His emphasis on ‘didn’t’ had her shivering under his hands. What hadn’t happened between them had played over and over again in her head, in her dreams, in her fantasies. Her mind was reeling, trying to absorb his touch, his words. If there was one person she would ever consider as someone who could compartmentalize better than she could it would be him. She took a deep breath, trying to strengthen her nerves. “What do you want?”

He was moving closer without realizing it, backing her against the wall. Her body was warm, the skin on her shoulder just as soft as it had been that night and in his dreams every night since. But he couldn’t let himself lose control, not yet, not here. He’d done enough damage to her here. The words came out of his mouth without the conscious permission of his brain.

“I want to say screw the Bureau,” he whispered, pressing her body between his and the wall so he could whisper hotly in her ear. “I want to take you home and make you forget your own name. I want to roll you underneath me, feel you around me. I want you.”

It had required almost too much control on her part to not jump him right there. She hoped it didn’t show in her eyes. “We can’t.”

“Screw the Bureau, Em,” he said, managing to sound calm, almost logical. “There’s nothing in the Bureau that could mean more than this.”

She arched a delicate eyebrow. “Sex is worth more than the BAU? I have a hard time believing that.”

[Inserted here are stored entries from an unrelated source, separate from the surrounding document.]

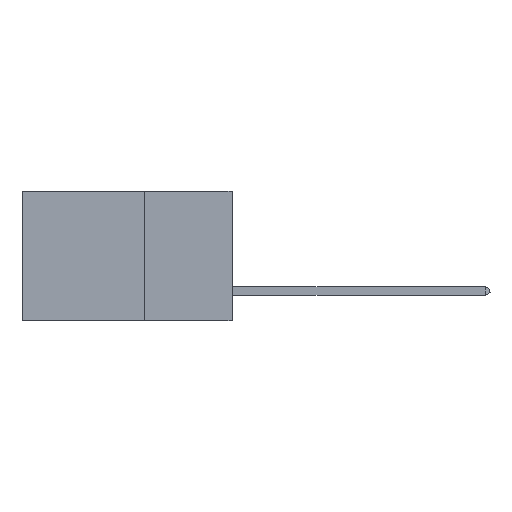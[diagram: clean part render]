
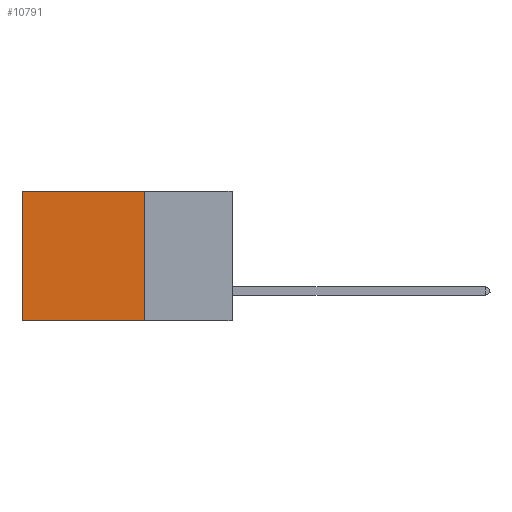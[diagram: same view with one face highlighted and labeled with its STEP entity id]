
A CAD part, left-side view. The second image highlights one B-rep face of the part: STEP entity #10791.
In plain terms, the highlighted planar face has unit normal (-1, 0, 0).
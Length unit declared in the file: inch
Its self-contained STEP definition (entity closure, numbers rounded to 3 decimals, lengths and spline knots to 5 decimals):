
#263 = CARTESIAN_POINT ( 'NONE',  ( 0.2875, 0.6, 0. ) ) ;
#503 = ORIENTED_EDGE ( 'NONE', *, *, #4733, .T. ) ;
#564 = EDGE_LOOP ( 'NONE', ( #503, #6133, #8459, #11336 ) ) ;
#1456 = VECTOR ( 'NONE', #13014, 39.37008 ) ;
#1502 = DIRECTION ( 'NONE',  ( 0., 1., 0. ) ) ;
#2057 = EDGE_CURVE ( 'NONE', #3838, #6987, #10264, .T. ) ;
#2439 = VERTEX_POINT ( 'NONE', #9752 ) ;
#3163 = CARTESIAN_POINT ( 'NONE',  ( 0.2875, 0.25, 0. ) ) ;
#3838 = VERTEX_POINT ( 'NONE', #10471 ) ;
#4733 = EDGE_CURVE ( 'NONE', #8779, #6987, #10381, .T. ) ;
#4784 = EDGE_CURVE ( 'NONE', #2439, #8779, #9985, .T. ) ;
#6133 = ORIENTED_EDGE ( 'NONE', *, *, #2057, .F. ) ;
#6833 = VECTOR ( 'NONE', #13307, 39.37008 ) ;
#6987 = VERTEX_POINT ( 'NONE', #12561 ) ;
#7952 = VECTOR ( 'NONE', #1502, 39.37008 ) ;
#8208 = PLANE ( 'NONE',  #10546 ) ;
#8459 = ORIENTED_EDGE ( 'NONE', *, *, #9320, .F. ) ;
#8758 = CARTESIAN_POINT ( 'NONE',  ( 0.2875, 0.25, -0.37 ) ) ;
#8779 = VERTEX_POINT ( 'NONE', #14647 ) ;
#9277 = FACE_OUTER_BOUND ( 'NONE', #564, .T. ) ;
#9320 = EDGE_CURVE ( 'NONE', #2439, #3838, #16406, .T. ) ;
#9752 = CARTESIAN_POINT ( 'NONE',  ( 0.2875, 0.25, 0. ) ) ;
#9918 = VECTOR ( 'NONE', #10216, 39.37008 ) ;
#9985 = LINE ( 'NONE', #14525, #7952 ) ;
#10216 = DIRECTION ( 'NONE',  ( 0., 0., -1. ) ) ;
#10264 = LINE ( 'NONE', #8758, #6833 ) ;
#10381 = LINE ( 'NONE', #263, #1456 ) ;
#10471 = CARTESIAN_POINT ( 'NONE',  ( 0.2875, 0.25, -0.37 ) ) ;
#10546 = AXIS2_PLACEMENT_3D ( 'NONE', #3163, #12068, #14806 ) ;
#10791 = ADVANCED_FACE ( 'NONE', ( #9277 ), #8208, .F. ) ;
#11336 = ORIENTED_EDGE ( 'NONE', *, *, #4784, .T. ) ;
#12068 = DIRECTION ( 'NONE',  ( 1., 0., 0. ) ) ;
#12561 = CARTESIAN_POINT ( 'NONE',  ( 0.2875, 0.6, -0.37 ) ) ;
#12772 = CARTESIAN_POINT ( 'NONE',  ( 0.2875, 0.25, 0. ) ) ;
#13014 = DIRECTION ( 'NONE',  ( 0., 0., -1. ) ) ;
#13307 = DIRECTION ( 'NONE',  ( 0., 1., 0. ) ) ;
#14525 = CARTESIAN_POINT ( 'NONE',  ( 0.2875, 0.25, 0. ) ) ;
#14647 = CARTESIAN_POINT ( 'NONE',  ( 0.2875, 0.6, 0. ) ) ;
#14806 = DIRECTION ( 'NONE',  ( 0., 0., -1. ) ) ;
#16406 = LINE ( 'NONE', #12772, #9918 ) ;

Hotch growled again, pushing her back into the wall with his frustration. “Is that what this is?”

“Isn’t it?”

He never realized how frustrating it was to get a question in answer to a question until she did it. “If it was only about sex I wouldn’t have walked away the first time.”

She had to give him that. They’d both walked away from each other and known things were different. “Then what is it about?”

He sighed. “A chance to connect. To have someone there to share the hell with.”

When he presented it like that it most certainly sounded attractive. “And the Bureau?”

“Screw the Bureau,” he said again, unable to resist any longer. His mouth met hers roughly, thrilling when she responded. He pulled away and came back, gentler this time, encouraging her response. He felt her fist his hands in the open coat at his waist. Eventually, he pulled away from her mouth, pressing a soft kiss to her forehead and temple before looking at her. Her eyes were glazed, her lips swollen. God, he wanted her.

“Hotch…” She wanted to stay right where she was, cradled in his arms. But if he didn’t get out of those clothes soon he’d probably catch a cold and she’d be right there with him with the little she wore now. She took a deep breath, meeting his eyes. “Let’s get out of here. This isn’t the place to… to deal with all of this.”

She was right. “Your place or mine?” He thrilled when her eyes widened. Did she really think she was going to get away with just a kiss? The kiss told him she wanted him to and Aaron Hotchner was an opportunist at heart. He wasn’t about to let her take time to reconsider or come up with a better argument.

“Yours,” she said. “You need to get out of your wet clothes.”

He wasn’t sure he liked the idea that she could just get up and leave, but she made a good point. He was starting to get cold.